Биркенвердер сдался на милость глубокой осени. Последние листья, сорванные порывом ветра, падают на землю так обреченно, словно струятся желто-красными струями, которые сливаются на аллее парка в дрожащий мелкой зыбью поток, распространяющий терпкий запах тления и ржавой осенней воды.

Это была хорошая мысль: поселиться здесь, на дальней северной окраине. Биркенвердер! Ольха — любимое ее дерево, песок, нагретый солнцем. Тишина.

Дом полон тишиной, словно омут — туманом. И кажется: там, за окном, тоже стоит крепкая, густая тишина. Но это не так. Колеблются верхушки ольхи, перемещаются тени на песчаной прогалине между деревьями, беспокойство разлито в воздухе.
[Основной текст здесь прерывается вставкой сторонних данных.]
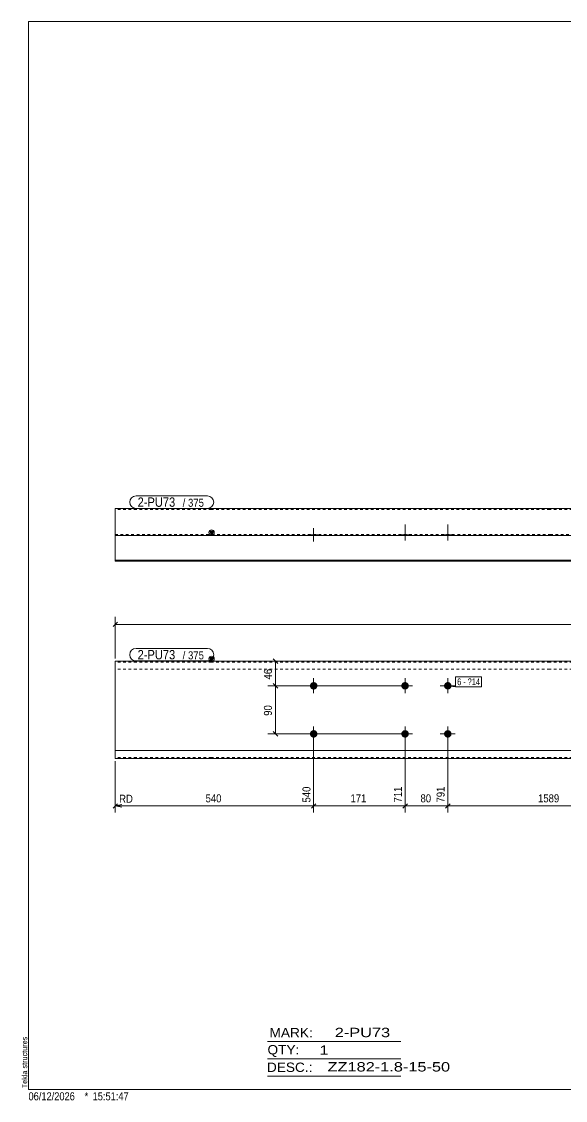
# Model space of a CAD drawing. Header units: millimetres. Extents: x 2 to 579, y 1 to 405.
# Drawn here: x 2.4 to 206.1, y 1 to 405 of the extents above; entities that cross this region are included whole.
import ezdxf

# ---------------------------------------------------------------- set-up
doc = ezdxf.new("R2010")
doc.units = ezdxf.units.MM
doc.linetypes.add('XKITLINE00', pattern=[0])
doc.linetypes.add('XKITLINE01', pattern=[4, 1, -1, 1, -1])
for name, color, linetype, lineweight in [('Bolt', 3, 'Continuous', 0), ('BoltMark', 7, 'Continuous', 0), ('Dimensions', 7, 'Continuous', 0), ('DrawingSheet', 5, 'Continuous', 0), ('OtherObjectType', 7, 'Continuous', 0), ('Part', 2, 'Continuous', 0), ('PartMark', 7, 'Continuous', 0)]:
    doc.layers.add(name, color=color, linetype=linetype, lineweight=lineweight)
doc.styles.add('ARIAL', font='ARIAL.TTF')
doc.styles.add('ARIAL_NARROW', font='ARIALN.TTF')

# ---------------------------------------------------------------- blocks, each defined once
blk = doc.blocks.new('*A1')
at = {"layer": 'Bolt'}
for points in [[(147.43, 156.2), (147.43, 156.17), (147.43, 156.13), (147.43, 156.1), (147.42, 156.06), (147.42, 156.03), (147.41, 156), (147.41, 155.96), (147.4, 155.93), (147.39, 155.9), (147.38, 155.86), (147.37, 155.83), (147.36, 155.8), (147.35, 155.76), (147.34, 155.73), (147.33, 155.7), (147.31, 155.67), (147.3, 155.64), (147.28, 155.61), (147.27, 155.58), (147.25, 155.55), (147.23, 155.52), (147.22, 155.49), (147.2, 155.46), (147.18, 155.43), (147.16, 155.4), (147.14, 155.37), (147.12, 155.35), (147.09, 155.32), (147.07, 155.3), (147.05, 155.27), (147.02, 155.25), (147, 155.22), (146.97, 155.2), (146.95, 155.18), (146.92, 155.15), (146.89, 155.13), (146.87, 155.11), (146.84, 155.09), (146.81, 155.07), (146.78, 155.05), (146.75, 155.03), (146.72, 155.02), (146.69, 155), (146.66, 154.99), (146.63, 154.97), (146.6, 154.96), (146.57, 154.94), (146.54, 154.93), (146.5, 154.92), (146.47, 154.91), (146.44, 154.9), (146.41, 154.89), (146.37, 154.88), (146.34, 154.87), (146.31, 154.86), (146.27, 154.86), (146.24, 154.85), (146.2, 154.85), (146.17, 154.84), (146.14, 154.84), (146.1, 154.84), (146.07, 154.84), (146.03, 154.84), (146, 154.84), (145.96, 154.84), (145.93, 154.84), (145.9, 154.84), (145.86, 154.85), (145.83, 154.85), (145.79, 154.86), (145.76, 154.86), (145.73, 154.87), (145.69, 154.88), (145.66, 154.89), (145.63, 154.9), (145.59, 154.91), (145.56, 154.92), (145.53, 154.93), (145.5, 154.94), (145.47, 154.96), (145.43, 154.97), (145.4, 154.99), (145.37, 155), (145.34, 155.02), (145.31, 155.03), (145.28, 155.05), (145.26, 155.07), (145.23, 155.09), (145.2, 155.11), (145.17, 155.13), (145.14, 155.15), (145.12, 155.18), (145.09, 155.2), (145.07, 155.22), (145.04, 155.25), (145.02, 155.27), (145, 155.3), (144.97, 155.32), (144.95, 155.35), (144.93, 155.37), (144.91, 155.4), (144.89, 155.43), (144.87, 155.46), (144.85, 155.49), (144.83, 155.52), (144.81, 155.55), (144.8, 155.58), (144.78, 155.61), (144.77, 155.64), (144.75, 155.67), (144.74, 155.7), (144.73, 155.73), (144.71, 155.76), (144.7, 155.8), (144.69, 155.83), (144.68, 155.86), (144.67, 155.9), (144.67, 155.93), (144.66, 155.96), (144.65, 156), (144.65, 156.03), (144.64, 156.06), (144.64, 156.1), (144.64, 156.13), (144.63, 156.17), (144.63, 156.2), (144.63, 156.24), (144.63, 156.27), (144.63, 156.3), (144.64, 156.34), (144.64, 156.37), (144.64, 156.41), (144.65, 156.44), (144.65, 156.48), (144.66, 156.51), (144.67, 156.54), (144.67, 156.58), (144.68, 156.61), (144.69, 156.64), (144.7, 156.67), (144.71, 156.71), (144.73, 156.74), (144.74, 156.77), (144.75, 156.8), (144.77, 156.83), (144.78, 156.87), (144.8, 156.9), (144.81, 156.93), (144.83, 156.96), (144.85, 156.98), (144.87, 157.01), (144.89, 157.04), (144.91, 157.07), (144.93, 157.1), (144.95, 157.12), (144.97, 157.15), (145, 157.18), (145.02, 157.2), (145.04, 157.23), (145.07, 157.25), (145.09, 157.27), (145.12, 157.3), (145.14, 157.32), (145.17, 157.34), (145.2, 157.36), (145.23, 157.38), (145.26, 157.4), (145.28, 157.42), (145.31, 157.44), (145.34, 157.45), (145.37, 157.47), (145.4, 157.49), (145.43, 157.5), (145.47, 157.52), (145.5, 157.53), (145.53, 157.54), (145.56, 157.55), (145.59, 157.57), (145.63, 157.58), (145.66, 157.59), (145.69, 157.59), (145.73, 157.6), (145.76, 157.61), (145.79, 157.62), (145.83, 157.62), (145.86, 157.63), (145.9, 157.63), (145.93, 157.63), (145.96, 157.63), (146, 157.64), (146.03, 157.64), (146.07, 157.64), (146.1, 157.63), (146.14, 157.63), (146.17, 157.63), (146.2, 157.63), (146.24, 157.62), (146.27, 157.62), (146.31, 157.61), (146.34, 157.6), (146.37, 157.59), (146.41, 157.59), (146.44, 157.58), (146.47, 157.57), (146.5, 157.55), (146.54, 157.54), (146.57, 157.53), (146.6, 157.52), (146.63, 157.5), (146.66, 157.49), (146.69, 157.47), (146.72, 157.45), (146.75, 157.44), (146.78, 157.42), (146.81, 157.4), (146.84, 157.38), (146.87, 157.36), (146.89, 157.34), (146.92, 157.32), (146.95, 157.3), (146.97, 157.27), (147, 157.25), (147.02, 157.23), (147.05, 157.2), (147.07, 157.18), (147.09, 157.15), (147.12, 157.12), (147.14, 157.1), (147.16, 157.07), (147.18, 157.04), (147.2, 157.01), (147.22, 156.98), (147.23, 156.96), (147.25, 156.93), (147.27, 156.9), (147.28, 156.87), (147.3, 156.83), (147.31, 156.8), (147.33, 156.77), (147.34, 156.74), (147.35, 156.71), (147.36, 156.67), (147.37, 156.64), (147.38, 156.61), (147.39, 156.58), (147.4, 156.54), (147.41, 156.51), (147.41, 156.48), (147.42, 156.44), (147.42, 156.41), (147.43, 156.37), (147.43, 156.34), (147.43, 156.3), (147.43, 156.27), (147.43, 156.24)], [(163.43, 156.2), (163.43, 156.17), (163.43, 156.13), (163.43, 156.1), (163.42, 156.06), (163.42, 156.03), (163.41, 156), (163.41, 155.96), (163.4, 155.93), (163.39, 155.9), (163.38, 155.86), (163.37, 155.83), (163.36, 155.8), (163.35, 155.76), (163.34, 155.73), (163.33, 155.7), (163.31, 155.67), (163.3, 155.64), (163.28, 155.61), (163.27, 155.58), (163.25, 155.55), (163.23, 155.52), (163.22, 155.49), (163.2, 155.46), (163.18, 155.43), (163.16, 155.4), (163.14, 155.37), (163.12, 155.35), (163.09, 155.32), (163.07, 155.3), (163.05, 155.27), (163.02, 155.25), (163, 155.22), (162.97, 155.2), (162.95, 155.18), (162.92, 155.15), (162.89, 155.13), (162.87, 155.11), (162.84, 155.09), (162.81, 155.07), (162.78, 155.05), (162.75, 155.03), (162.72, 155.02), (162.69, 155), (162.66, 154.99), (162.63, 154.97), (162.6, 154.96), (162.57, 154.94), (162.54, 154.93), (162.5, 154.92), (162.47, 154.91), (162.44, 154.9), (162.41, 154.89), (162.37, 154.88), (162.34, 154.87), (162.31, 154.86), (162.27, 154.86), (162.24, 154.85), (162.2, 154.85), (162.17, 154.84), (162.14, 154.84), (162.1, 154.84), (162.07, 154.84), (162.03, 154.84), (162, 154.84), (161.96, 154.84), (161.93, 154.84), (161.9, 154.84), (161.86, 154.85), (161.83, 154.85), (161.79, 154.86), (161.76, 154.86), (161.73, 154.87), (161.69, 154.88), (161.66, 154.89), (161.63, 154.9), (161.59, 154.91), (161.56, 154.92), (161.53, 154.93), (161.5, 154.94), (161.47, 154.96), (161.43, 154.97), (161.4, 154.99), (161.37, 155), (161.34, 155.02), (161.31, 155.03), (161.28, 155.05), (161.26, 155.07), (161.23, 155.09), (161.2, 155.11), (161.17, 155.13), (161.14, 155.15), (161.12, 155.18), (161.09, 155.2), (161.07, 155.22), (161.04, 155.25), (161.02, 155.27), (161, 155.3), (160.97, 155.32), (160.95, 155.35), (160.93, 155.37), (160.91, 155.4), (160.89, 155.43), (160.87, 155.46), (160.85, 155.49), (160.83, 155.52), (160.81, 155.55), (160.8, 155.58), (160.78, 155.61), (160.77, 155.64), (160.75, 155.67), (160.74, 155.7), (160.73, 155.73), (160.71, 155.76), (160.7, 155.8), (160.69, 155.83), (160.68, 155.86), (160.67, 155.9), (160.67, 155.93), (160.66, 155.96), (160.65, 156), (160.65, 156.03), (160.64, 156.06), (160.64, 156.1), (160.64, 156.13), (160.63, 156.17), (160.63, 156.2), (160.63, 156.24), (160.63, 156.27), (160.63, 156.3), (160.64, 156.34), (160.64, 156.37), (160.64, 156.41), (160.65, 156.44), (160.65, 156.48), (160.66, 156.51), (160.67, 156.54), (160.67, 156.58), (160.68, 156.61), (160.69, 156.64), (160.7, 156.67), (160.71, 156.71), (160.73, 156.74), (160.74, 156.77), (160.75, 156.8), (160.77, 156.83), (160.78, 156.87), (160.8, 156.9), (160.81, 156.93), (160.83, 156.96), (160.85, 156.98), (160.87, 157.01), (160.89, 157.04), (160.91, 157.07), (160.93, 157.1), (160.95, 157.12), (160.97, 157.15), (161, 157.18), (161.02, 157.2), (161.04, 157.23), (161.07, 157.25), (161.09, 157.27), (161.12, 157.3), (161.14, 157.32), (161.17, 157.34), (161.2, 157.36), (161.23, 157.38), (161.26, 157.4), (161.28, 157.42), (161.31, 157.44), (161.34, 157.45), (161.37, 157.47), (161.4, 157.49), (161.43, 157.5), (161.47, 157.52), (161.5, 157.53), (161.53, 157.54), (161.56, 157.55), (161.59, 157.57), (161.63, 157.58), (161.66, 157.59), (161.69, 157.59), (161.73, 157.6), (161.76, 157.61), (161.79, 157.62), (161.83, 157.62), (161.86, 157.63), (161.9, 157.63), (161.93, 157.63), (161.96, 157.63), (162, 157.64), (162.03, 157.64), (162.07, 157.64), (162.1, 157.63), (162.14, 157.63), (162.17, 157.63), (162.2, 157.63), (162.24, 157.62), (162.27, 157.62), (162.31, 157.61), (162.34, 157.6), (162.37, 157.59), (162.41, 157.59), (162.44, 157.58), (162.47, 157.57), (162.5, 157.55), (162.54, 157.54), (162.57, 157.53), (162.6, 157.52), (162.63, 157.5), (162.66, 157.49), (162.69, 157.47), (162.72, 157.45), (162.75, 157.44), (162.78, 157.42), (162.81, 157.4), (162.84, 157.38), (162.87, 157.36), (162.89, 157.34), (162.92, 157.32), (162.95, 157.3), (162.97, 157.27), (163, 157.25), (163.02, 157.23), (163.05, 157.2), (163.07, 157.18), (163.09, 157.15), (163.12, 157.12), (163.14, 157.1), (163.16, 157.07), (163.18, 157.04), (163.2, 157.01), (163.22, 156.98), (163.23, 156.96), (163.25, 156.93), (163.27, 156.9), (163.28, 156.87), (163.3, 156.83), (163.31, 156.8), (163.33, 156.77), (163.34, 156.74), (163.35, 156.71), (163.36, 156.67), (163.37, 156.64), (163.38, 156.61), (163.39, 156.58), (163.4, 156.54), (163.41, 156.51), (163.41, 156.48), (163.42, 156.44), (163.42, 156.41), (163.43, 156.37), (163.43, 156.34), (163.43, 156.3), (163.43, 156.27), (163.43, 156.24)], [(147.43, 138.2), (147.43, 138.17), (147.43, 138.13), (147.43, 138.1), (147.42, 138.06), (147.42, 138.03), (147.41, 138), (147.41, 137.96), (147.4, 137.93), (147.39, 137.9), (147.38, 137.86), (147.37, 137.83), (147.36, 137.8), (147.35, 137.76), (147.34, 137.73), (147.33, 137.7), (147.31, 137.67), (147.3, 137.64), (147.28, 137.61), (147.27, 137.58), (147.25, 137.55), (147.23, 137.52), (147.22, 137.49), (147.2, 137.46), (147.18, 137.43), (147.16, 137.4), (147.14, 137.37), (147.12, 137.35), (147.09, 137.32), (147.07, 137.3), (147.05, 137.27), (147.02, 137.25), (147, 137.22), (146.97, 137.2), (146.95, 137.18), (146.92, 137.15), (146.89, 137.13), (146.87, 137.11), (146.84, 137.09), (146.81, 137.07), (146.78, 137.05), (146.75, 137.03), (146.72, 137.02), (146.69, 137), (146.66, 136.99), (146.63, 136.97), (146.6, 136.96), (146.57, 136.94), (146.54, 136.93), (146.5, 136.92), (146.47, 136.91), (146.44, 136.9), (146.41, 136.89), (146.37, 136.88), (146.34, 136.87), (146.31, 136.86), (146.27, 136.86), (146.24, 136.85), (146.2, 136.85), (146.17, 136.84), (146.14, 136.84), (146.1, 136.84), (146.07, 136.84), (146.03, 136.84), (146, 136.84), (145.96, 136.84), (145.93, 136.84), (145.9, 136.84), (145.86, 136.85), (145.83, 136.85), (145.79, 136.86), (145.76, 136.86), (145.73, 136.87), (145.69, 136.88), (145.66, 136.89), (145.63, 136.9), (145.59, 136.91), (145.56, 136.92), (145.53, 136.93), (145.5, 136.94), (145.47, 136.96), (145.43, 136.97), (145.4, 136.99), (145.37, 137), (145.34, 137.02), (145.31, 137.03), (145.28, 137.05), (145.26, 137.07), (145.23, 137.09), (145.2, 137.11), (145.17, 137.13), (145.14, 137.15), (145.12, 137.18), (145.09, 137.2), (145.07, 137.22), (145.04, 137.25), (145.02, 137.27), (145, 137.3), (144.97, 137.32), (144.95, 137.35), (144.93, 137.37), (144.91, 137.4), (144.89, 137.43), (144.87, 137.46), (144.85, 137.49), (144.83, 137.52), (144.81, 137.55), (144.8, 137.58), (144.78, 137.61), (144.77, 137.64), (144.75, 137.67), (144.74, 137.7), (144.73, 137.73), (144.71, 137.76), (144.7, 137.8), (144.69, 137.83), (144.68, 137.86), (144.67, 137.9), (144.67, 137.93), (144.66, 137.96), (144.65, 138), (144.65, 138.03), (144.64, 138.06), (144.64, 138.1), (144.64, 138.13), (144.63, 138.17), (144.63, 138.2), (144.63, 138.24), (144.63, 138.27), (144.63, 138.3), (144.64, 138.34), (144.64, 138.37), (144.64, 138.41), (144.65, 138.44), (144.65, 138.48), (144.66, 138.51), (144.67, 138.54), (144.67, 138.58), (144.68, 138.61), (144.69, 138.64), (144.7, 138.67), (144.71, 138.71), (144.73, 138.74), (144.74, 138.77), (144.75, 138.8), (144.77, 138.83), (144.78, 138.87), (144.8, 138.9), (144.81, 138.93), (144.83, 138.96), (144.85, 138.98), (144.87, 139.01), (144.89, 139.04), (144.91, 139.07), (144.93, 139.1), (144.95, 139.12), (144.97, 139.15), (145, 139.18), (145.02, 139.2), (145.04, 139.23), (145.07, 139.25), (145.09, 139.27), (145.12, 139.3), (145.14, 139.32), (145.17, 139.34), (145.2, 139.36), (145.23, 139.38), (145.26, 139.4), (145.28, 139.42), (145.31, 139.44), (145.34, 139.45), (145.37, 139.47), (145.4, 139.49), (145.43, 139.5), (145.47, 139.52), (145.5, 139.53), (145.53, 139.54), (145.56, 139.55), (145.59, 139.57), (145.63, 139.58), (145.66, 139.59), (145.69, 139.59), (145.73, 139.6), (145.76, 139.61), (145.79, 139.62), (145.83, 139.62), (145.86, 139.63), (145.9, 139.63), (145.93, 139.63), (145.96, 139.63), (146, 139.64), (146.03, 139.64), (146.07, 139.64), (146.1, 139.63), (146.14, 139.63), (146.17, 139.63), (146.2, 139.63), (146.24, 139.62), (146.27, 139.62), (146.31, 139.61), (146.34, 139.6), (146.37, 139.59), (146.41, 139.59), (146.44, 139.58), (146.47, 139.57), (146.5, 139.55), (146.54, 139.54), (146.57, 139.53), (146.6, 139.52), (146.63, 139.5), (146.66, 139.49), (146.69, 139.47), (146.72, 139.45), (146.75, 139.44), (146.78, 139.42), (146.81, 139.4), (146.84, 139.38), (146.87, 139.36), (146.89, 139.34), (146.92, 139.32), (146.95, 139.3), (146.97, 139.27), (147, 139.25), (147.02, 139.23), (147.05, 139.2), (147.07, 139.18), (147.09, 139.15), (147.12, 139.12), (147.14, 139.1), (147.16, 139.07), (147.18, 139.04), (147.2, 139.01), (147.22, 138.98), (147.23, 138.96), (147.25, 138.93), (147.27, 138.9), (147.28, 138.87), (147.3, 138.83), (147.31, 138.8), (147.33, 138.77), (147.34, 138.74), (147.35, 138.71), (147.36, 138.67), (147.37, 138.64), (147.38, 138.61), (147.39, 138.58), (147.4, 138.54), (147.41, 138.51), (147.41, 138.48), (147.42, 138.44), (147.42, 138.41), (147.43, 138.37), (147.43, 138.34), (147.43, 138.3), (147.43, 138.27), (147.43, 138.24)], [(163.43, 138.2), (163.43, 138.17), (163.43, 138.13), (163.43, 138.1), (163.42, 138.06), (163.42, 138.03), (163.41, 138), (163.41, 137.96), (163.4, 137.93), (163.39, 137.9), (163.38, 137.86), (163.37, 137.83), (163.36, 137.8), (163.35, 137.76), (163.34, 137.73), (163.33, 137.7), (163.31, 137.67), (163.3, 137.64), (163.28, 137.61), (163.27, 137.58), (163.25, 137.55), (163.23, 137.52), (163.22, 137.49), (163.2, 137.46), (163.18, 137.43), (163.16, 137.4), (163.14, 137.37), (163.12, 137.35), (163.09, 137.32), (163.07, 137.3), (163.05, 137.27), (163.02, 137.25), (163, 137.22), (162.97, 137.2), (162.95, 137.18), (162.92, 137.15), (162.89, 137.13), (162.87, 137.11), (162.84, 137.09), (162.81, 137.07), (162.78, 137.05), (162.75, 137.03), (162.72, 137.02), (162.69, 137), (162.66, 136.99), (162.63, 136.97), (162.6, 136.96), (162.57, 136.94), (162.54, 136.93), (162.5, 136.92), (162.47, 136.91), (162.44, 136.9), (162.41, 136.89), (162.37, 136.88), (162.34, 136.87), (162.31, 136.86), (162.27, 136.86), (162.24, 136.85), (162.2, 136.85), (162.17, 136.84), (162.14, 136.84), (162.1, 136.84), (162.07, 136.84), (162.03, 136.84), (162, 136.84), (161.96, 136.84), (161.93, 136.84), (161.9, 136.84), (161.86, 136.85), (161.83, 136.85), (161.79, 136.86), (161.76, 136.86), (161.73, 136.87), (161.69, 136.88), (161.66, 136.89), (161.63, 136.9), (161.59, 136.91), (161.56, 136.92), (161.53, 136.93), (161.5, 136.94), (161.47, 136.96), (161.43, 136.97), (161.4, 136.99), (161.37, 137), (161.34, 137.02), (161.31, 137.03), (161.28, 137.05), (161.26, 137.07), (161.23, 137.09), (161.2, 137.11), (161.17, 137.13), (161.14, 137.15), (161.12, 137.18), (161.09, 137.2), (161.07, 137.22), (161.04, 137.25), (161.02, 137.27), (161, 137.3), (160.97, 137.32), (160.95, 137.35), (160.93, 137.37), (160.91, 137.4), (160.89, 137.43), (160.87, 137.46), (160.85, 137.49), (160.83, 137.52), (160.81, 137.55), (160.8, 137.58), (160.78, 137.61), (160.77, 137.64), (160.75, 137.67), (160.74, 137.7), (160.73, 137.73), (160.71, 137.76), (160.7, 137.8), (160.69, 137.83), (160.68, 137.86), (160.67, 137.9), (160.67, 137.93), (160.66, 137.96), (160.65, 138), (160.65, 138.03), (160.64, 138.06), (160.64, 138.1), (160.64, 138.13), (160.63, 138.17), (160.63, 138.2), (160.63, 138.24), (160.63, 138.27), (160.63, 138.3), (160.64, 138.34), (160.64, 138.37), (160.64, 138.41), (160.65, 138.44), (160.65, 138.48), (160.66, 138.51), (160.67, 138.54), (160.67, 138.58), (160.68, 138.61), (160.69, 138.64), (160.7, 138.67), (160.71, 138.71), (160.73, 138.74), (160.74, 138.77), (160.75, 138.8), (160.77, 138.83), (160.78, 138.87), (160.8, 138.9), (160.81, 138.93), (160.83, 138.96), (160.85, 138.98), (160.87, 139.01), (160.89, 139.04), (160.91, 139.07), (160.93, 139.1), (160.95, 139.12), (160.97, 139.15), (161, 139.18), (161.02, 139.2), (161.04, 139.23), (161.07, 139.25), (161.09, 139.27), (161.12, 139.3), (161.14, 139.32), (161.17, 139.34), (161.2, 139.36), (161.23, 139.38), (161.26, 139.4), (161.28, 139.42), (161.31, 139.44), (161.34, 139.45), (161.37, 139.47), (161.4, 139.49), (161.43, 139.5), (161.47, 139.52), (161.5, 139.53), (161.53, 139.54), (161.56, 139.55), (161.59, 139.57), (161.63, 139.58), (161.66, 139.59), (161.69, 139.59), (161.73, 139.6), (161.76, 139.61), (161.79, 139.62), (161.83, 139.62), (161.86, 139.63), (161.9, 139.63), (161.93, 139.63), (161.96, 139.63), (162, 139.64), (162.03, 139.64), (162.07, 139.64), (162.1, 139.63), (162.14, 139.63), (162.17, 139.63), (162.2, 139.63), (162.24, 139.62), (162.27, 139.62), (162.31, 139.61), (162.34, 139.6), (162.37, 139.59), (162.41, 139.59), (162.44, 139.58), (162.47, 139.57), (162.5, 139.55), (162.54, 139.54), (162.57, 139.53), (162.6, 139.52), (162.63, 139.5), (162.66, 139.49), (162.69, 139.47), (162.72, 139.45), (162.75, 139.44), (162.78, 139.42), (162.81, 139.4), (162.84, 139.38), (162.87, 139.36), (162.89, 139.34), (162.92, 139.32), (162.95, 139.3), (162.97, 139.27), (163, 139.25), (163.02, 139.23), (163.05, 139.2), (163.07, 139.18), (163.09, 139.15), (163.12, 139.12), (163.14, 139.1), (163.16, 139.07), (163.18, 139.04), (163.2, 139.01), (163.22, 138.98), (163.23, 138.96), (163.25, 138.93), (163.27, 138.9), (163.28, 138.87), (163.3, 138.83), (163.31, 138.8), (163.33, 138.77), (163.34, 138.74), (163.35, 138.71), (163.36, 138.67), (163.37, 138.64), (163.38, 138.61), (163.39, 138.58), (163.4, 138.54), (163.41, 138.51), (163.41, 138.48), (163.42, 138.44), (163.42, 138.41), (163.43, 138.37), (163.43, 138.34), (163.43, 138.3), (163.43, 138.27), (163.43, 138.24)]]:
    blk.add_hatch(color=3, dxfattribs=at).paths.add_polyline_path(points, flags=17)
at = {"layer": 'Bolt', "color": 3, "linetype": 'XKITLINE00', "lineweight": 0}
for p, q in [((146.03, 159.04), (146.03, 153.44)), ((162.03, 159.04), (162.03, 153.44)), ((148.83, 156.24), (143.23, 156.24)), ((164.83, 156.24), (159.23, 156.24)), ((148.83, 138.24), (143.23, 138.24)), ((146.03, 141.04), (146.03, 135.44)), ((164.83, 138.24), (159.23, 138.24)), ((162.03, 141.04), (162.03, 135.44))]:
    blk.add_line(p, q, dxfattribs=at)
blk = doc.blocks.new('*A2')
at = {"layer": 'Bolt'}
for points in [[(113.19, 156.2), (113.19, 156.17), (113.19, 156.13), (113.19, 156.1), (113.18, 156.06), (113.18, 156.03), (113.17, 156), (113.17, 155.96), (113.16, 155.93), (113.15, 155.9), (113.14, 155.86), (113.13, 155.83), (113.12, 155.8), (113.11, 155.76), (113.1, 155.73), (113.09, 155.7), (113.07, 155.67), (113.06, 155.64), (113.04, 155.61), (113.03, 155.58), (113.01, 155.55), (112.99, 155.52), (112.98, 155.49), (112.96, 155.46), (112.94, 155.43), (112.92, 155.4), (112.9, 155.37), (112.88, 155.35), (112.85, 155.32), (112.83, 155.3), (112.81, 155.27), (112.78, 155.25), (112.76, 155.22), (112.73, 155.2), (112.71, 155.18), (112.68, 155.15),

И ей тоже неспокойно. В этом доме, где все сделано по ее вкусу. Ее сыном. Для ее покоя и работы. Дом невелик, весь на виду: ограда совсем низкая и ажурная, — она никогда не любила высокие ограды словно что-то скрывающих, затаившихся вилл. Несколько каменных ступеней, лестница — боковая, в ней нет парадности, а есть милая данность. И поздние настурции в ящиках на площадке хорошо выглядят: оранжевые на сером камне дома. Комнаты просторны, не заставлены мебелью, полны света и воздуха. Все скромно, целесообразно, современно.

Убранство ее рабочей комнаты — как раз то, что ей надо. Письменный стол — впритык к большому, во всю стену, окну. Свет падает прямо на столешницу, и чистый лист бумаги на ней слегка розовеет в солнечном луче. Так волнующ, как обещание хорошей работы — этот чистый лист, обласканный солнечным лучом. Старинный стол-секретер, приземистый, со множеством ящичков. На полке секретера ее любимые комнатные цветы: маленький фикус со своими словно отполированными листьями и крошечный кактус, ежиком выглядывающий из горшочка. Кресло перед столом, разлапистое, удобное, располагает к работе, к тем неспешным и важным размышлениям, которые сопутствуют ей.